• Brief: In the records, each line holding "linetype" must be reported.

• Exercise data:

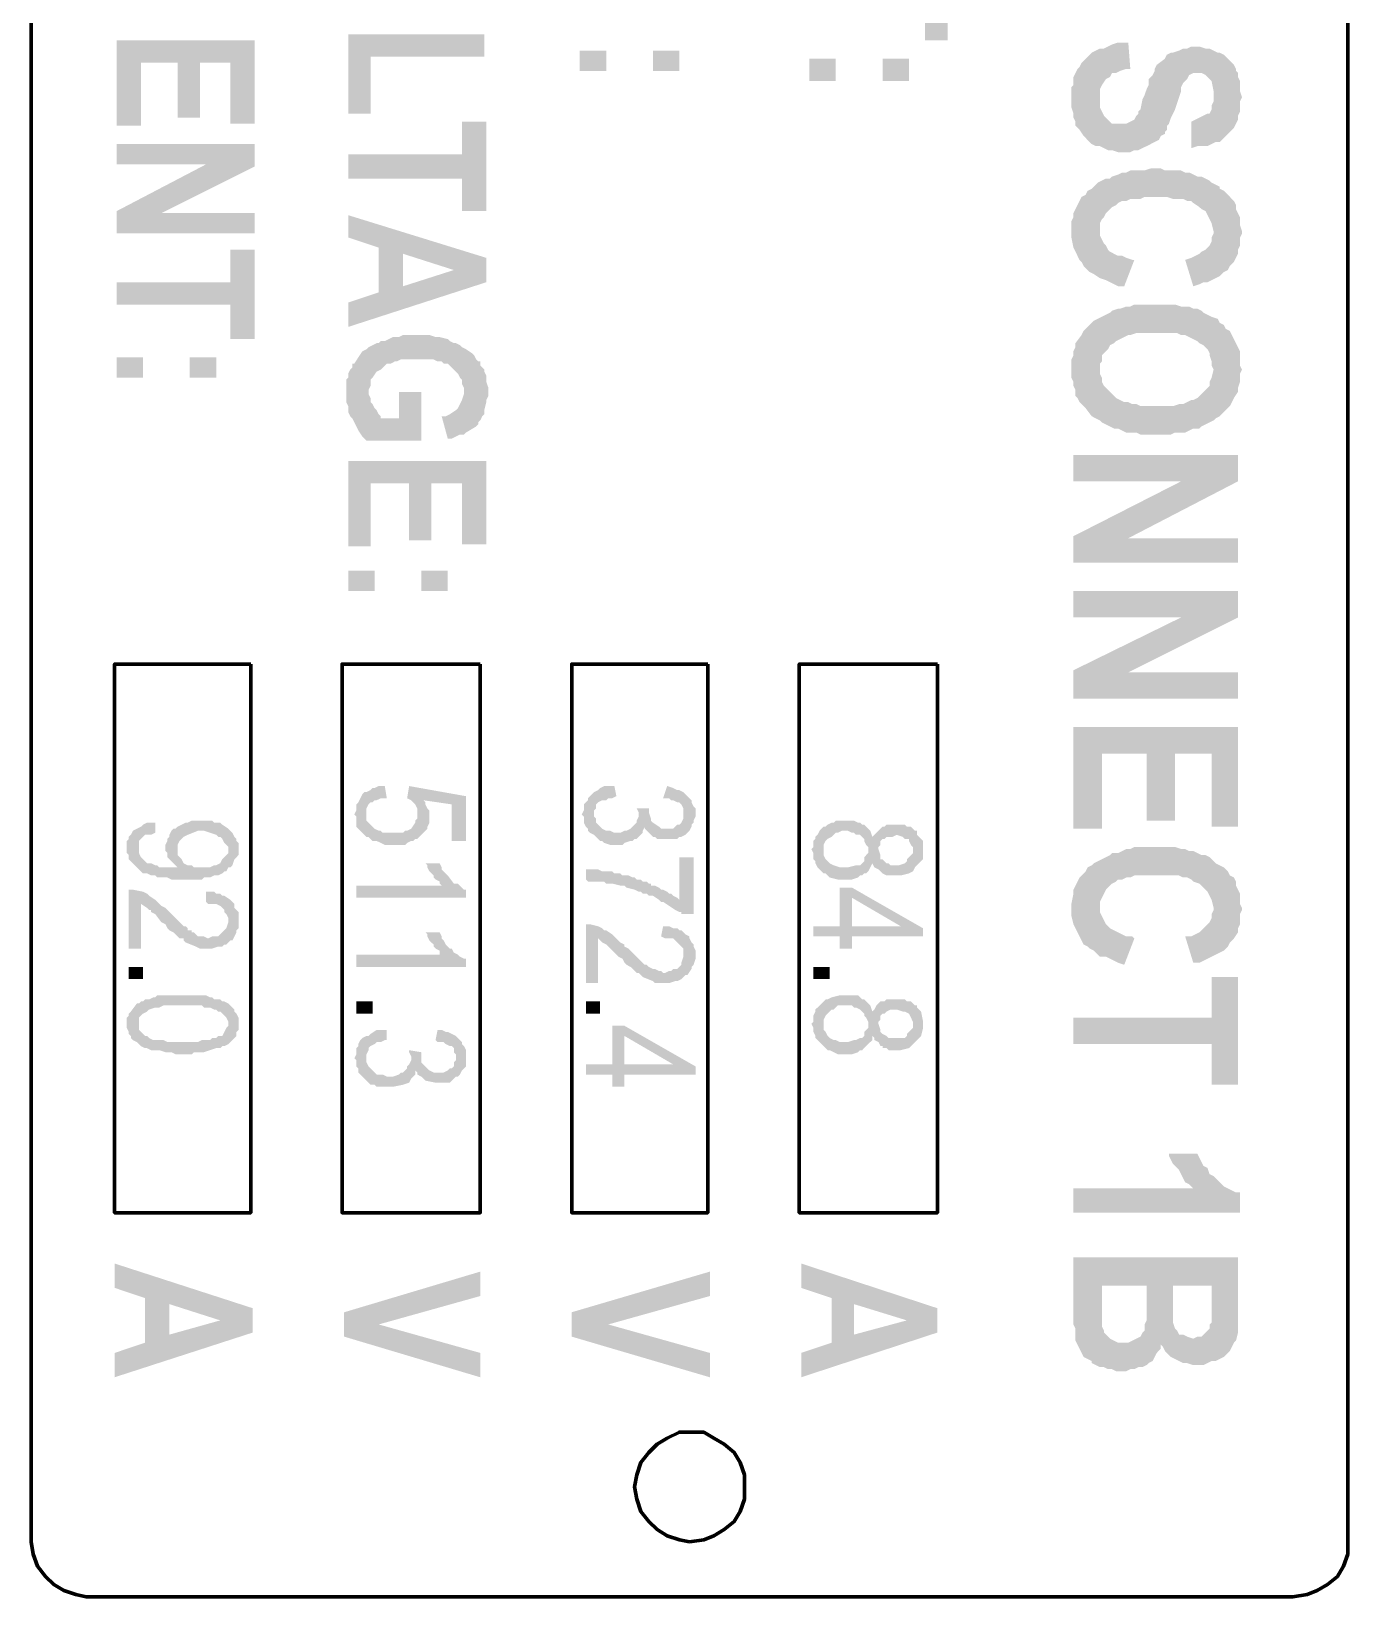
# Model space of a CAD drawing. Header units: inches. Extents: x -186 to 186, y -282 to 282.
# Drawn here: x -132.81 to -108.81, y -143 to -114.46 of the extents above; entities that cross this region are included whole.
import ezdxf

# ---------------------------------------------------------------- set-up
doc = ezdxf.new("R2010")
doc.units = ezdxf.units.IN
doc.header["$MEASUREMENT"] = 0
doc.layers.add('H', color=7, linetype='CONTINUOUS', lineweight=100)
doc.layers.add('P', color=250, linetype='CONTINUOUS', lineweight=100)

msp = doc.modelspace()

# ---------------------------------------------------------------- hatches: boundary and pattern name
at = {"layer": 'H', "linetype": 'Continuous'}
for points in [[(-116.111, -114.63), (-116.111, -113), (-116.519, -113), (-116.519, -113.63), (-118.63, -113.63), (-118.63, -114.037), (-116.519, -114.037), (-116.519, -114.63)], [(-128.741, -116.148), (-128.741, -114.63), (-131.259, -114.63), (-131.259, -116.185), (-130.815, -116.185), (-130.815, -115.037), (-130.148, -115.037), (-130.148, -116.037), (-129.741, -116.037), (-129.741, -115.037), (-129.185, -115.037), (-129.185, -116.148)], [(-124.556, -114.926), (-124.556, -114.519), (-127.037, -114.519), (-127.037, -115.963), (-126.63, -115.963), (-126.63, -114.926)], [(-112.778, -115.148), (-112.815, -114.667), (-112.852, -114.667), (-112.926, -114.667), (-113, -114.667), (-113.111, -114.704), (-113.185, -114.741), (-113.259, -114.778), (-113.333, -114.778), (-113.407, -114.815), (-113.333, -115.667), (-113.333, -115.556), (-113.333, -115.519), (-113.296, -115.444), (-113.222, -115.333), (-113.148, -115.296), (-113.111, -115.222), (-113.037, -115.222), (-112.963, -115.185), (-112.852, -115.148)], [(-122.815, -115.185), (-122.333, -115.185), (-122.333, -114.815), (-122.815, -114.815)], [(-121.481, -115.185), (-121, -115.185), (-121, -114.815), (-121.481, -114.815)], [(-118.63, -115.37), (-118.148, -115.37), (-118.148, -114.963), (-118.63, -114.963)], [(-117.296, -115.37), (-116.815, -115.37), (-116.815, -114.963), (-117.296, -114.963)], [(-110.741, -115.667), (-110.778, -115.556), (-110.778, -115.481), (-110.778, -115.37), (-110.815, -115.296), (-110.815, -115.222), (-110.852, -115.185), (-110.852, -115.148), (-110.889, -115.074), (-110.963, -115), (-111, -114.963), (-111.074, -114.889), (-111.148, -114.852), (-111.185, -114.852), (-111.259, -114.815), (-111.333, -114.778), (-111.407, -114.778), (-111.519, -114.741), (-111.667, -114.741), (-111.741, -114.778), (-111.815, -114.778), (-111.889, -114.815), (-112, -114.852), (-112.037, -114.852), (-112.111, -114.889), (-112.148, -114.963), (-112.296, -115.074), (-112.333, -115.148), (-112.333, -115.185), (-112.37, -115.259), (-112.444, -115.333), (-112.444, -115.444), (-112.481, -115.519), (-112.519, -115.63), (-112.556, -115.704), (-112.593, -115.889), (-112.63, -115.926), (-112.63, -115.963), (-112.667, -116), (-112.704, -116.074), (-112.778, -116.111), (-112.852, -116.148), (-112.926, -116.148), (-113, -116.148), (-113.111, -116.148), (-113.148, -116.111), (-113.259, -116), (-113.296, -115.926), (-113.333, -115.852), (-113.333, -115.778), (-113.333, -115.667), (-113.407, -114.815), (-113.481, -114.852), (-113.519, -114.889), (-113.556, -114.926), (-113.63, -115), (-113.667, -115.037), (-113.704, -115.111), (-113.741, -115.148), (-113.778, -115.222), (-113.815, -115.296), (-113.815, -115.333), (-113.815, -115.444), (-113.852, -115.481), (-113.852, -115.593), (-113.852, -115.778), (-113.852, -115.852), (-113.815, -115.963), (-113.815, -116.037), (-113.778, -116.111), (-113.778, -116.185), (-113.704, -116.259), (-113.63, -116.37), (-113.593, -116.407), (-113.556, -116.444), (-113.481, -116.519), (-113.407, -116.556), (-113.333, -116.556), (-113.259, -116.593), (-113.185, -116.63), (-113.111, -116.63), (-113, -116.667), (-112.778, -116.667), (-112.704, -116.63), (-112.63, -116.63), (-112.556, -116.593), (-112.481, -116.556), (-112.407, -116.519), (-112.333, -116.481), (-112.259, -116.444), (-112.222, -116.37), (-112.148, -116.333), (-112.148, -116.296), (-112.111, -116.259), (-112.111, -116.185), (-112.074, -116.148), (-112.037, -116.037), (-112, -115.963), (-111.963, -115.889), (-111.889, -115.667), (-111.852, -115.556), (-111.852, -115.481), (-111.815, -115.407), (-111.778, -115.37), (-111.741, -115.333), (-111.704, -115.259), (-111.63, -115.222), (-111.556, -115.222), (-111.481, -115.222), (-111.407, -115.259), (-111.333, -115.333), (-111.296, -115.37), (-111.259, -115.556), (-111.259, -115.63), (-111.222, -116.481), (-111.148, -116.481), (-111.111, -116.444), (-111.037, -116.37), (-111, -116.333), (-110.926, -116.259), (-110.889, -116.222), (-110.852, -116.148), (-110.815, -116.074), (-110.815, -116), (-110.778, -115.926), (-110.778, -115.852), (-110.778, -115.741)], [(-111.222, -116.481), (-111.259, -115.63), (-111.259, -115.741), (-111.296, -115.815), (-111.296, -115.889), (-111.333, -115.963), (-111.37, -115.963), (-111.444, -116), (-111.519, -116.037), (-111.593, -116.074), (-111.667, -116.111), (-111.667, -116.593), (-111.556, -116.556), (-111.481, -116.556), (-111.37, -116.556), (-111.296, -116.519)], [(-124.519, -117.741), (-124.519, -116.111), (-124.963, -116.111), (-124.963, -116.704), (-127.037, -116.704), (-127.037, -117.148), (-124.963, -117.148), (-124.963, -117.741)], [(-128.741, -116.926), (-128.741, -116.519), (-131.259, -116.519), (-131.259, -116.889), (-129.63, -116.889)], [(-128.741, -116.926), (-129.63, -116.889), (-131.259, -117.741), (-130.444, -117.778)], [(-111.222, -117.259), (-111.296, -117.222), (-111.333, -117.185), (-111.407, -117.148), (-111.481, -117.111), (-111.556, -117.111), (-111.63, -117.074), (-111.704, -117.037), (-111.778, -117.037), (-111.852, -117), (-111.963, -117), (-112.037, -117), (-112.148, -117), (-112.222, -116.963), (-112.407, -116.963), (-112.519, -117), (-112.593, -117), (-112.704, -117), (-112.778, -117), (-112.852, -117.037), (-112.926, -117.037), (-113, -117.074), (-113.111, -117.111), (-113.148, -117.148), (-113.222, -117.148), (-113.296, -117.185), (-113.37, -117.222), (-113.333, -118.111), (-113.333, -118.037), (-113.333, -117.963), (-113.296, -117.889), (-113.259, -117.852), (-113.222, -117.778), (-113.148, -117.704), (-113.111, -117.667), (-113.037, -117.63), (-113, -117.593), (-112.926, -117.556), (-112.852, -117.556), (-112.778, -117.519), (-112.704, -117.519), (-112.593, -117.519), (-112.519, -117.481), (-112.111, -117.481), (-112, -117.519), (-111.889, -117.519), (-111.815, -117.519), (-111.741, -117.556), (-111.667, -117.556), (-111.63, -117.593), (-111.519, -117.667), (-111.481, -117.704), (-111.407, -117.741), (-111.37, -117.815), (-111.333, -117.889), (-111.296, -117.963), (-111.259, -118.111)], [(-112.704, -118.63), (-112.741, -118.63), (-112.852, -118.593), (-112.926, -118.556), (-113, -118.556), (-113.074, -118.519), (-113.148, -118.481), (-113.185, -118.444), (-113.222, -118.37), (-113.259, -118.333), (-113.296, -118.259), (-113.333, -118.185), (-113.333, -118.111), (-113.37, -117.222), (-113.444, -117.296), (-113.481, -117.333), (-113.556, -117.37), (-113.593, -117.444), (-113.667, -117.481), (-113.704, -117.556), (-113.741, -117.63), (-113.778, -117.704), (-113.815, -117.778), (-113.815, -117.852), (-113.852, -117.926), (-113.852, -118), (-113.852, -118.148), (-113.852, -118.222), (-113.815, -118.407), (-113.778, -118.481), (-113.741, -118.556), (-113.704, -118.63), (-113.667, -118.667), (-113.63, -118.741), (-113.519, -118.852), (-113.444, -118.889), (-113.333, -118.963), (-113.222, -119), (-113.148, -119.037), (-113.074, -119.074), (-113, -119.111), (-112.889, -119.111)], [(-110.741, -118.148), (-110.741, -118.111), (-110.778, -118), (-110.778, -117.926), (-110.778, -117.852), (-110.815, -117.778), (-110.852, -117.704), (-110.852, -117.63), (-110.889, -117.556), (-110.963, -117.481), (-111, -117.444), (-111.074, -117.37), (-111.148, -117.333), (-111.148, -117.296), (-111.222, -117.259), (-111.259, -118.111), (-111.259, -118.148), (-111.296, -118.222), (-111.296, -118.296), (-111.333, -118.37), (-111.407, -118.444), (-111.481, -118.481), (-111.519, -118.519), (-111.593, -118.556), (-111.667, -118.593), (-111.778, -118.63), (-111.63, -119.111), (-111.519, -119.074), (-111.444, -119.037), (-111.37, -119.037), (-111.296, -119), (-111.222, -118.963), (-111.148, -118.926), (-111.074, -118.852), (-111, -118.815), (-110.963, -118.741), (-110.889, -118.667), (-110.852, -118.593), (-110.815, -118.519), (-110.815, -118.444), (-110.778, -118.37), (-110.778, -118.296), (-110.778, -118.222)], [(-128.741, -118.148), (-128.741, -117.778), (-130.444, -117.778), (-131.259, -117.741), (-131.259, -118.148)], [(-124.519, -119.037), (-124.519, -118.593), (-127.037, -117.815), (-127.037, -118.222), (-126.481, -118.407), (-126.481, -119.222), (-126.037, -118.519), (-125.111, -118.815)], [(-128.741, -120.074), (-128.741, -118.444), (-129.185, -118.444), (-129.185, -119.037), (-131.259, -119.037), (-131.259, -119.444), (-129.185, -119.444), (-129.185, -120.074)], [(-124.519, -119.037), (-125.111, -118.815), (-126.037, -119.111), (-126.037, -118.519), (-126.481, -119.222), (-127.037, -119.407), (-127.037, -119.852)], [(-110.741, -120.63), (-110.778, -120.556), (-110.778, -120.444), (-110.778, -120.296), (-110.815, -120.222), (-110.852, -120.148), (-110.926, -120), (-110.963, -119.926), (-111.037, -119.889), (-111.074, -119.815), (-111.148, -119.778), (-111.185, -119.704), (-111.296, -119.667), (-111.37, -119.63), (-111.444, -119.593), (-111.481, -119.556), (-111.556, -119.519), (-111.63, -119.519), (-111.704, -119.481), (-111.778, -119.481), (-111.852, -119.481), (-111.963, -119.444), (-112.037, -119.444), (-112.148, -119.444), (-112.222, -119.444), (-112.444, -119.444), (-112.519, -119.444), (-112.63, -119.444), (-112.704, -119.444), (-112.778, -119.481), (-112.852, -119.481), (-112.963, -119.519), (-113, -119.519), (-113.111, -119.556), (-113.148, -119.593), (-113.222, -119.63), (-113.296, -119.667), (-113.37, -119.704), (-113.444, -119.741), (-113.481, -119.778), (-113.519, -119.815), (-113.593, -119.889), (-113.63, -119.926), (-113.667, -120), (-113.778, -120.148), (-113.778, -120.222), (-113.815, -120.296), (-113.815, -120.37), (-113.852, -120.444), (-113.852, -120.519), (-113.852, -120.667), (-113.852, -120.778), (-113.815, -120.852), (-113.815, -120.926), (-113.778, -121), (-113.778, -121.111), (-113.741, -121.148), (-113.704, -121.222), (-113.63, -121.296), (-113.593, -121.333), (-113.481, -121.481), (-113.407, -121.519), (-113.333, -121.556), (-113.333, -120.63), (-113.333, -120.519), (-113.296, -120.481), (-113.296, -120.37), (-113.259, -120.333), (-113.185, -120.259), (-113.148, -120.185), (-113.074, -120.148), (-113.037, -120.111), (-112.963, -120.074), (-112.889, -120.037), (-112.815, -120), (-112.778, -120), (-112.667, -119.963), (-112.593, -119.963), (-112.481, -119.963), (-112.111, -119.963), (-112, -119.963), (-111.926, -119.963), (-111.852, -120), (-111.778, -120), (-111.704, -120.037), (-111.63, -120.074), (-111.556, -120.111), (-111.519, -120.148), (-111.444, -120.185), (-111.37, -120.259), (-111.333, -120.333), (-111.333, -120.37), (-111.296, -120.481), (-111.296, -120.556), (-111.259, -120.63), (-111.222, -121.519), (-111.148, -121.481), (-111.074, -121.407), (-111.037, -121.37), (-110.963, -121.296), (-110.926, -121.222), (-110.889, -121.148), (-110.815, -121.037), (-110.815, -120.963), (-110.778, -120.852), (-110.778, -120.778), (-110.778, -120.704)], [(-124.889, -120.259), (-124.963, -120.222), (-125, -120.185), (-125.074, -120.148), (-125.111, -120.148), (-125.185, -120.111), (-125.222, -120.074), (-125.37, -120.037), (-125.444, -120.037), (-125.556, -120), (-125.63, -120), (-125.704, -120), (-125.815, -120), (-125.889, -120), (-126.037, -120), (-126.111, -120.037), (-126.222, -120.037), (-126.296, -120.074), (-126.37, -120.111), (-126.444, -120.111), (-126.481, -120.148), (-126.519, -120.148), (-126.593, -120.185), (-126.667, -120.222), (-126.667, -121), (-126.63, -120.926), (-126.63, -120.852), (-126.63, -120.815), (-126.593, -120.778), (-126.519, -120.667), (-126.444, -120.63), (-126.407, -120.593), (-126.37, -120.556), (-126.333, -120.519), (-126.259, -120.519), (-126.185, -120.481), (-126.148, -120.481), (-126.074, -120.444), (-126, -120.444), (-125.926, -120.444), (-125.852, -120.444), (-125.704, -120.444), (-125.63, -120.444), (-125.556, -120.444), (-125.481, -120.444), (-125.407, -120.481), (-125.333, -120.481), (-125.296, -120.519), (-125.222, -120.519), (-125.185, -120.556), (-125.148, -120.593), (-125.111, -120.63), (-125.074, -120.667), (-125.037, -120.704), (-125, -120.778), (-124.963, -120.815), (-124.963, -120.889), (-124.926, -120.963), (-124.926, -121.037)], [(-131.259, -120.778), (-130.778, -120.778), (-130.778, -120.407), (-131.259, -120.407)], [(-129.926, -120.778), (-129.444, -120.778), (-129.444, -120.407), (-129.926, -120.407)], [(-125.704, -121.926), (-125.704, -121.037), (-126.111, -121.037), (-126.111, -121.519), (-126.444, -121.519), (-126.444, -121.481), (-126.481, -121.444), (-126.519, -121.37), (-126.556, -121.333), (-126.593, -121.259), (-126.63, -121.222), (-126.63, -121.148), (-126.667, -121.074), (-126.667, -120.222), (-126.704, -120.259), (-126.778, -120.296), (-126.852, -120.407), (-126.926, -120.519), (-126.963, -120.519), (-126.963, -120.593), (-127, -120.63), (-127.037, -120.704), (-127.037, -120.778), (-127.074, -120.815), (-127.074, -120.889), (-127.074, -121.148), (-127.074, -121.222), (-127.037, -121.296), (-127.037, -121.333), (-127.037, -121.407), (-127, -121.481), (-126.963, -121.519), (-126.926, -121.593), (-126.889, -121.667), (-126.852, -121.741), (-126.778, -121.852), (-126.741, -121.889), (-126.704, -121.926)], [(-124.481, -121.037), (-124.481, -120.963), (-124.519, -120.852), (-124.519, -120.741), (-124.556, -120.667), (-124.556, -120.63), (-124.63, -120.556), (-124.63, -120.481), (-124.667, -120.481), (-124.704, -120.444), (-124.741, -120.37), (-124.778, -120.333), (-124.889, -120.259), (-124.926, -121.037), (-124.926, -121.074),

• Task response:
doc.layers.add('H', color=7, linetype='CONTINUOUS', lineweight=100)
doc.layers.add('P', color=250, linetype='CONTINUOUS', lineweight=100)
at = {"layer": 'H', "linetype": 'Continuous'}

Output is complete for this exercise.